(About this exercise) Each line in the entries below that holds the string "unit" is to be listed.

Recorded data:
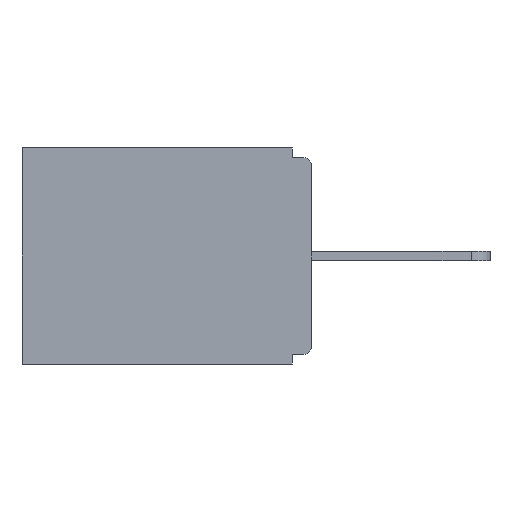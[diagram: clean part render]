
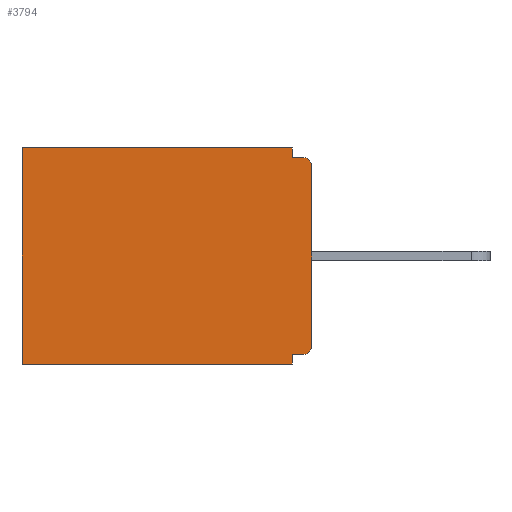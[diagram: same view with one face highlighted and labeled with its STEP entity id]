
A CAD part, left-side view. The second image highlights one B-rep face of the part: STEP entity #3794.
In plain terms, the highlighted planar face has unit normal (-1, 0, 0).
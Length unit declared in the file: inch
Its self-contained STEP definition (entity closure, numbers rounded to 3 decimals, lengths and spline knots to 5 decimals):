
#25 = EDGE_CURVE ( 'NONE', #3244, #3449, #8507, .T. ) ;
#71 = EDGE_CURVE ( 'NONE', #2868, #3944, #8250, .T. ) ;
#76 = EDGE_CURVE ( 'NONE', #2748, #3449, #305, .T. ) ;
#212 = VECTOR ( 'NONE', #11504, 39.37008 ) ;
#305 = CIRCLE ( 'NONE', #8914, 0.015 ) ;
#352 = EDGE_CURVE ( 'NONE', #10212, #10152, #7725, .T. ) ;
#494 = CARTESIAN_POINT ( 'NONE',  ( 0.298, 0., -0.03 ) ) ;
#547 = ORIENTED_EDGE ( 'NONE', *, *, #9572, .F. ) ;
#692 = EDGE_CURVE ( 'NONE', #7930, #3244, #10405, .T. ) ;
#705 = CARTESIAN_POINT ( 'NONE',  ( 0.298, 0.015, -0.015 ) ) ;
#718 = EDGE_CURVE ( 'NONE', #8031, #10212, #5612, .T. ) ;
#970 = AXIS2_PLACEMENT_3D ( 'NONE', #11041, #10339, #5010 ) ;
#1427 = EDGE_CURVE ( 'NONE', #2748, #3944, #3379, .T. ) ;
#1554 = ORIENTED_EDGE ( 'NONE', *, *, #352, .F. ) ;
#1727 = LINE ( 'NONE', #11512, #6712 ) ;
#1732 = ORIENTED_EDGE ( 'NONE', *, *, #71, .T. ) ;
#2217 = DIRECTION ( 'NONE',  ( 0., 0., -1. ) ) ;
#2494 = ORIENTED_EDGE ( 'NONE', *, *, #692, .F. ) ;
#2748 = VERTEX_POINT ( 'NONE', #494 ) ;
#2868 = VERTEX_POINT ( 'NONE', #10251 ) ;
#3238 = VECTOR ( 'NONE', #11605, 39.37008 ) ;
#3244 = VERTEX_POINT ( 'NONE', #5367 ) ;
#3320 = ORIENTED_EDGE ( 'NONE', *, *, #1427, .F. ) ;
#3379 = LINE ( 'NONE', #7099, #212 ) ;
#3441 = DIRECTION ( 'NONE',  ( 0., 0., -1. ) ) ;
#3449 = VERTEX_POINT ( 'NONE', #705 ) ;
#3635 = FACE_OUTER_BOUND ( 'NONE', #6264, .T. ) ;
#3721 = EDGE_CURVE ( 'NONE', #7930, #6276, #11549, .T. ) ;
#3794 = ADVANCED_FACE ( 'NONE', ( #3635 ), #8223, .F. ) ;
#3944 = VERTEX_POINT ( 'NONE', #6738 ) ;
#4465 = DIRECTION ( 'NONE',  ( 0., 1., 0. ) ) ;
#4669 = DIRECTION ( 'NONE',  ( -1., 0., 0. ) ) ;
#4845 = VECTOR ( 'NONE', #4465, 39.37008 ) ;
#5010 = DIRECTION ( 'NONE',  ( 0., 0., -1. ) ) ;
#5367 = CARTESIAN_POINT ( 'NONE',  ( 0.298, 0.031, -0.015 ) ) ;
#5612 = LINE ( 'NONE', #8700, #7573 ) ;
#5934 = CARTESIAN_POINT ( 'NONE',  ( 0.298, 0.031, -0.328 ) ) ;
#5972 = ORIENTED_EDGE ( 'NONE', *, *, #3721, .T. ) ;
#6064 = ORIENTED_EDGE ( 'NONE', *, *, #76, .T. ) ;
#6264 = EDGE_LOOP ( 'NONE', ( #6064, #11234, #2494, #5972, #8966, #1554, #6374, #547, #1732, #3320 ) ) ;
#6276 = VERTEX_POINT ( 'NONE', #7343 ) ;
#6374 = ORIENTED_EDGE ( 'NONE', *, *, #718, .F. ) ;
#6421 = CARTESIAN_POINT ( 'NONE',  ( 0.298, 0.031, -0.343 ) ) ;
#6712 = VECTOR ( 'NONE', #3441, 39.37008 ) ;
#6738 = CARTESIAN_POINT ( 'NONE',  ( 0.298, 0., -0.313 ) ) ;
#6954 = DIRECTION ( 'NONE',  ( 0., -1., 0. ) ) ;
#7099 = CARTESIAN_POINT ( 'NONE',  ( 0.298, 0., 0. ) ) ;
#7343 = CARTESIAN_POINT ( 'NONE',  ( 0.298, 0.46, 0. ) ) ;
#7573 = VECTOR ( 'NONE', #11010, 39.37008 ) ;
#7607 = CARTESIAN_POINT ( 'NONE',  ( 0.298, 0., 0. ) ) ;
#7619 = DIRECTION ( 'NONE',  ( 0., 0., -1. ) ) ;
#7674 = CARTESIAN_POINT ( 'NONE',  ( 0.298, 0.015, -0.313 ) ) ;
#7725 = LINE ( 'NONE', #11354, #7980 ) ;
#7837 = CARTESIAN_POINT ( 'NONE',  ( 0.298, 0.031, -0.343 ) ) ;
#7930 = VERTEX_POINT ( 'NONE', #10557 ) ;
#7980 = VECTOR ( 'NONE', #11092, 39.37008 ) ;
#8031 = VERTEX_POINT ( 'NONE', #5934 ) ;
#8187 = CARTESIAN_POINT ( 'NONE',  ( 0.298, 0.015, -0.03 ) ) ;
#8223 = PLANE ( 'NONE',  #970 ) ;
#8250 = CIRCLE ( 'NONE', #8423, 0.015 ) ;
#8378 = EDGE_CURVE ( 'NONE', #6276, #10152, #1727, .T. ) ;
#8423 = AXIS2_PLACEMENT_3D ( 'NONE', #7674, #9381, #7619 ) ;
#8507 = LINE ( 'NONE', #10325, #10756 ) ;
#8700 = CARTESIAN_POINT ( 'NONE',  ( 0.298, 0.031, -0.343 ) ) ;
#8782 = CARTESIAN_POINT ( 'NONE',  ( 0.298, 0., -0.328 ) ) ;
#8914 = AXIS2_PLACEMENT_3D ( 'NONE', #8187, #4669, #2217 ) ;
#8939 = DIRECTION ( 'NONE',  ( 0., 1., 0. ) ) ;
#8966 = ORIENTED_EDGE ( 'NONE', *, *, #8378, .T. ) ;
#9381 = DIRECTION ( 'NONE',  ( -1., 0., 0. ) ) ;
#9572 = EDGE_CURVE ( 'NONE', #2868, #8031, #11200, .T. ) ;
#9645 = CARTESIAN_POINT ( 'NONE',  ( 0.298, 0.46, -0.343 ) ) ;
#10152 = VERTEX_POINT ( 'NONE', #9645 ) ;
#10212 = VERTEX_POINT ( 'NONE', #6421 ) ;
#10251 = CARTESIAN_POINT ( 'NONE',  ( 0.298, 0.015, -0.328 ) ) ;
#10325 = CARTESIAN_POINT ( 'NONE',  ( 0.298, 0., -0.015 ) ) ;
#10339 = DIRECTION ( 'NONE',  ( 1., 0., 0. ) ) ;
#10405 = LINE ( 'NONE', #7837, #3238 ) ;
#10557 = CARTESIAN_POINT ( 'NONE',  ( 0.298, 0.031, 0. ) ) ;
#10752 = VECTOR ( 'NONE', #8939, 39.37008 ) ;
#10756 = VECTOR ( 'NONE', #6954, 39.37008 ) ;
#11010 = DIRECTION ( 'NONE',  ( 0., 0., -1. ) ) ;
#11041 = CARTESIAN_POINT ( 'NONE',  ( 0.298, 0., 0. ) ) ;
#11092 = DIRECTION ( 'NONE',  ( 0., 1., 0. ) ) ;
#11200 = LINE ( 'NONE', #8782, #10752 ) ;
#11234 = ORIENTED_EDGE ( 'NONE', *, *, #25, .F. ) ;
#11354 = CARTESIAN_POINT ( 'NONE',  ( 0.298, 0., -0.343 ) ) ;
#11504 = DIRECTION ( 'NONE',  ( 0., 0., -1. ) ) ;
#11512 = CARTESIAN_POINT ( 'NONE',  ( 0.298, 0.46, 0. ) ) ;
#11549 = LINE ( 'NONE', #7607, #4845 ) ;
#11605 = DIRECTION ( 'NONE',  ( 0., 0., -1. ) ) ;

(Task response)
In plain terms, the highlighted planar face has unit normal (-1, 0, 0).
Length unit declared in the file: inch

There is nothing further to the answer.